If you want to go farther, the front wall would be fully covered with OC703, ECOSE, Acoustic Cotton,etc then covered with black fabric. This helps with overall decay time as well as specifically addressing surround reflections off the front wall messing up imaging. Not sure if you want to take that step or not since the room is already finished.

Bryan


----------



## jw87c (Nov 12, 2010)

Thanks for the suggestions. I might not be able to do with the OC703, that would be too big a project at this stage. 

Would moving the front speakers a bit further from the front wall help with the imaging?

Also how about put one 242 on each side of the screen, and one below the screen?
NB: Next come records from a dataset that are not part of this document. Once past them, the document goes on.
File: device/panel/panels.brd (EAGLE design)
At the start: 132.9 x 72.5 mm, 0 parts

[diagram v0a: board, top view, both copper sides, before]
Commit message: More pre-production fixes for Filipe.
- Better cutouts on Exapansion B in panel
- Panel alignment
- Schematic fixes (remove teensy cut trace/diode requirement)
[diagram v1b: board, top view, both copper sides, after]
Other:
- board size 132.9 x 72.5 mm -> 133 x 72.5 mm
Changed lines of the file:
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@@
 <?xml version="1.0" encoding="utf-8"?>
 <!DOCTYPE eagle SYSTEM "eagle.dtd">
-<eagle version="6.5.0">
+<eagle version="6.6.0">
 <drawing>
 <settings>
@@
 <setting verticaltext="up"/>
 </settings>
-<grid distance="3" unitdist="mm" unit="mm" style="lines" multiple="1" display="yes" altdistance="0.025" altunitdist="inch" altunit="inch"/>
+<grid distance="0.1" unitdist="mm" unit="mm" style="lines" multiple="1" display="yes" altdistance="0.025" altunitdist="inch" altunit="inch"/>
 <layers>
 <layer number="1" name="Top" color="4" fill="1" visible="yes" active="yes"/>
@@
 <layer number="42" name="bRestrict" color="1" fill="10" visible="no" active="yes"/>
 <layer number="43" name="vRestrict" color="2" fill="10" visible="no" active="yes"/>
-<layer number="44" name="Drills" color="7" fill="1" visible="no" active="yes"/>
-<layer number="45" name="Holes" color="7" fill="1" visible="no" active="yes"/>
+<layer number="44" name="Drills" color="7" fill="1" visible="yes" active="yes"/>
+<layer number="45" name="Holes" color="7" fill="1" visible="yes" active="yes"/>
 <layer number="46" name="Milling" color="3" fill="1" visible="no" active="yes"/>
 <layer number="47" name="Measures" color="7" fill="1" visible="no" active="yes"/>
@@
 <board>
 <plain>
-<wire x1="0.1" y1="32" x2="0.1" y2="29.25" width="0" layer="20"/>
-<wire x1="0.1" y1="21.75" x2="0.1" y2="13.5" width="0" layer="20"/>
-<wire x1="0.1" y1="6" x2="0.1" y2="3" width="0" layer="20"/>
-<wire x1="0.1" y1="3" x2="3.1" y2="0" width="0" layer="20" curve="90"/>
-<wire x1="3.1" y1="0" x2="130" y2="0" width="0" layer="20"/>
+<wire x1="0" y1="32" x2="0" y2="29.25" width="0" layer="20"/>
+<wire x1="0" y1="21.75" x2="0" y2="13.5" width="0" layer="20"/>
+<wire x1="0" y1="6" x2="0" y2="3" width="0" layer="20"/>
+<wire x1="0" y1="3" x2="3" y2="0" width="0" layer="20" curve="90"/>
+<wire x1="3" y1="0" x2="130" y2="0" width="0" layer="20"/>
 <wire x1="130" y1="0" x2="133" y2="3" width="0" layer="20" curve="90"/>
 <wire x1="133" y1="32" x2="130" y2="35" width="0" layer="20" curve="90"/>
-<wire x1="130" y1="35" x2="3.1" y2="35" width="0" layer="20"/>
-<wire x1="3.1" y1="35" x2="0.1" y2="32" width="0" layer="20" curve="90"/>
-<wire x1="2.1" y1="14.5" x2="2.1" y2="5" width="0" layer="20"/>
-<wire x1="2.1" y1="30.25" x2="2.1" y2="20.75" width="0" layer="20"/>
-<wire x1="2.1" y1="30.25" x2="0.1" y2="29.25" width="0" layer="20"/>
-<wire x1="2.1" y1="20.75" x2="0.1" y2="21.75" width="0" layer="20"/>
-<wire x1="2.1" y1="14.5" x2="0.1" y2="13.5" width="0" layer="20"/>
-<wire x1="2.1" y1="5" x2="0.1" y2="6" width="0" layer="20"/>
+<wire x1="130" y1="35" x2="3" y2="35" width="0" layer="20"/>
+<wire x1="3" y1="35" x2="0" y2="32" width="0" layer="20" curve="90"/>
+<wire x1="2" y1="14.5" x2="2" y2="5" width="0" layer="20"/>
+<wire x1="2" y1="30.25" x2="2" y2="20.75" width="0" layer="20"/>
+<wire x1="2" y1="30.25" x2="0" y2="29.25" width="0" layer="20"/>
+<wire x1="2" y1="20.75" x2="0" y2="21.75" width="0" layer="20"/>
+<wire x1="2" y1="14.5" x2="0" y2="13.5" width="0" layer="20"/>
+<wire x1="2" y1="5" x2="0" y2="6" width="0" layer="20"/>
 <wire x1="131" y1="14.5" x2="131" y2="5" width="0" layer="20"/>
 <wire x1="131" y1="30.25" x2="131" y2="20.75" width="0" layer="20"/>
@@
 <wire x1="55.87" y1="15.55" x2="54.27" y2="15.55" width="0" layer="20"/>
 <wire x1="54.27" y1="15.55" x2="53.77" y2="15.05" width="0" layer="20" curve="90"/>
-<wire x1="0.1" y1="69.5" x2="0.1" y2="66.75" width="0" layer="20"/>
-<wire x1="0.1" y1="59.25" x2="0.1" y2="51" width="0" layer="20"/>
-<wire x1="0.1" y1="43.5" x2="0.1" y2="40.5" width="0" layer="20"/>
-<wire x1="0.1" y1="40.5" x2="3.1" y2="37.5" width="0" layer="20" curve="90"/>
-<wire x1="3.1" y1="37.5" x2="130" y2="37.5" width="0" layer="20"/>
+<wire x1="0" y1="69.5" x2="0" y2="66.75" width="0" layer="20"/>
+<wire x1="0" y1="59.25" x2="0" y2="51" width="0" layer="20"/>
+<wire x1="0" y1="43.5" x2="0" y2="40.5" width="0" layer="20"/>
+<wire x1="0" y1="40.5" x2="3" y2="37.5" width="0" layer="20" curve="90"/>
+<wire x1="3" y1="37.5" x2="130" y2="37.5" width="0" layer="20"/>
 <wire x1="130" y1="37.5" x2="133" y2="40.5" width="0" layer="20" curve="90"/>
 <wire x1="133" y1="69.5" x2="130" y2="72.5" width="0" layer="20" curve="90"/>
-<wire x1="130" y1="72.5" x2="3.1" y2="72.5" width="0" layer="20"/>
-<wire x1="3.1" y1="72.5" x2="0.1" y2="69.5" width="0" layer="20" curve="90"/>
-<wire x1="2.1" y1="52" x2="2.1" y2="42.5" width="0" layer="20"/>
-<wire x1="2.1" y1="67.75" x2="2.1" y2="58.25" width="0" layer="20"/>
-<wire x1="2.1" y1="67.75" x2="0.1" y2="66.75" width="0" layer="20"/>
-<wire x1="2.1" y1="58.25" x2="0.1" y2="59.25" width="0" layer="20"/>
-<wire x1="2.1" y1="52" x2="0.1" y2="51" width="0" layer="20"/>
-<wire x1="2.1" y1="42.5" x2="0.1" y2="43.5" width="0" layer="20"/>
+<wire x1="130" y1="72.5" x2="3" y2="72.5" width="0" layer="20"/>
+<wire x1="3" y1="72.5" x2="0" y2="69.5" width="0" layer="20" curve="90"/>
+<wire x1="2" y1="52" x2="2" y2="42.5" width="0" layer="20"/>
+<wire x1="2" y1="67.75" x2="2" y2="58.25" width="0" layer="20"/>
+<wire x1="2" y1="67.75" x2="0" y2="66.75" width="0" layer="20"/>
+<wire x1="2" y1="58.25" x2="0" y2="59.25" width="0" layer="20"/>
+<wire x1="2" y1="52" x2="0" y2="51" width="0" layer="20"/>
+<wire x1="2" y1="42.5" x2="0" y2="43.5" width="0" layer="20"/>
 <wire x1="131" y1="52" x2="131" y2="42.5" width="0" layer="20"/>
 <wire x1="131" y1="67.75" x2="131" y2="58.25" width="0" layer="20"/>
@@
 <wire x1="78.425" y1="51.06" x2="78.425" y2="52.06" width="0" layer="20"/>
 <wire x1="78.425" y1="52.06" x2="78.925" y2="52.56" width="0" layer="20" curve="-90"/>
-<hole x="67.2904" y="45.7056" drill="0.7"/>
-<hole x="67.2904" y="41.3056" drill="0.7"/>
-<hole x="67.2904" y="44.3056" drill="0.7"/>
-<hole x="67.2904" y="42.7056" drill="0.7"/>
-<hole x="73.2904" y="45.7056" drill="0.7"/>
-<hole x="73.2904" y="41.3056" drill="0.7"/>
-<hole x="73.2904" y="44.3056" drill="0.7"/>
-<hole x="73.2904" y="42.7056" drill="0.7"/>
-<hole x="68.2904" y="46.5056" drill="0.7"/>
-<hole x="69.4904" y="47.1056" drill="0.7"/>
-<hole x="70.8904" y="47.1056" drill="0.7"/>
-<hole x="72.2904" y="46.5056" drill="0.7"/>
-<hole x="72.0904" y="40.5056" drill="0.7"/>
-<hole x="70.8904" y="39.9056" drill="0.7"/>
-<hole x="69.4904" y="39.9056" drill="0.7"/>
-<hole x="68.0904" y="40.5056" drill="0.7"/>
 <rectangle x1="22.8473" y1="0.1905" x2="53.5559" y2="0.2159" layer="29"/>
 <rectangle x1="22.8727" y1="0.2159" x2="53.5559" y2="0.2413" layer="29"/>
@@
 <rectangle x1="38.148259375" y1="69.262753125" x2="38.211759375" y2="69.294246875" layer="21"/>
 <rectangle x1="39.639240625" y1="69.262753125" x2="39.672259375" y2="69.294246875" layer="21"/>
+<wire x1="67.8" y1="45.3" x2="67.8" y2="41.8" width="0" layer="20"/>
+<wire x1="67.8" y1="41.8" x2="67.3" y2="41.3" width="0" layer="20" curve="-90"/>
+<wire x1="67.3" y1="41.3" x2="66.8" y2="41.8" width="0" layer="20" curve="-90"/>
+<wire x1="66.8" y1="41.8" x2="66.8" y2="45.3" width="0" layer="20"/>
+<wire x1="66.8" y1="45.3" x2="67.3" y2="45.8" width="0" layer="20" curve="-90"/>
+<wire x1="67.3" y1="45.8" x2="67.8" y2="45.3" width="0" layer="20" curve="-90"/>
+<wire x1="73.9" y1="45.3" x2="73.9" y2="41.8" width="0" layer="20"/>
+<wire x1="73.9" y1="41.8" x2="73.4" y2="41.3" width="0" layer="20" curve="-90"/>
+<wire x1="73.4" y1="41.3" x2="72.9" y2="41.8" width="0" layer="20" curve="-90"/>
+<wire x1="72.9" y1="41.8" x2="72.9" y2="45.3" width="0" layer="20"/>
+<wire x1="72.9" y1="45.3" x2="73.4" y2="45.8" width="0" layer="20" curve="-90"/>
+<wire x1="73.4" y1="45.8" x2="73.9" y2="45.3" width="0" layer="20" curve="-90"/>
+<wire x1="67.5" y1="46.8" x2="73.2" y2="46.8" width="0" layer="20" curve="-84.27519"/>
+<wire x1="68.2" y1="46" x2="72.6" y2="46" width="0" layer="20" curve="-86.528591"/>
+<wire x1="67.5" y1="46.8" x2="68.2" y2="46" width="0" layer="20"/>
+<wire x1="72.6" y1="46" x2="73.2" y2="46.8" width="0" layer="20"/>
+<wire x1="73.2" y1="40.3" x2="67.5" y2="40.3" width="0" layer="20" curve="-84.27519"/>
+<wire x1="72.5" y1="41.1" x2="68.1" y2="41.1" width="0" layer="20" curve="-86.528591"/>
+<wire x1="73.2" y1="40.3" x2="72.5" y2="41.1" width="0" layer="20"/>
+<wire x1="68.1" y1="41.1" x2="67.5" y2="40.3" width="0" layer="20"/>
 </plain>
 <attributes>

With the bar open in the back, will it seriously affect the sound quality?

Thanks!



bpape said:


> Front corners would be good with Tri Traps. Side walls, 242 panels each side would be appropriate - 2-3 per side. The rear we really can't do a lot with due to the bar.
> 
> If you want to go farther, the front wall would be fully covered with OC703, ECOSE, Acoustic Cotton,etc then covered with black fabric. This helps with overall decay time as well as specifically addressing surround reflections off the front wall messing up imaging. Not sure if you want to take that step or not since the room is already finished.
> 
> Bryan


----------



## bpape (Sep 14, 2006)

The bar is more a matter that we can't deal with bass cancellations off that rear wall. The bar takes up 2/3 or more of the wall. You can do 242 Panels each side of the screen as long as it doesn't interfere with the bass control.

Certainly play with speaker position for imaging and bass response. Free to try unlike most things in this hobby.

Bryan


----------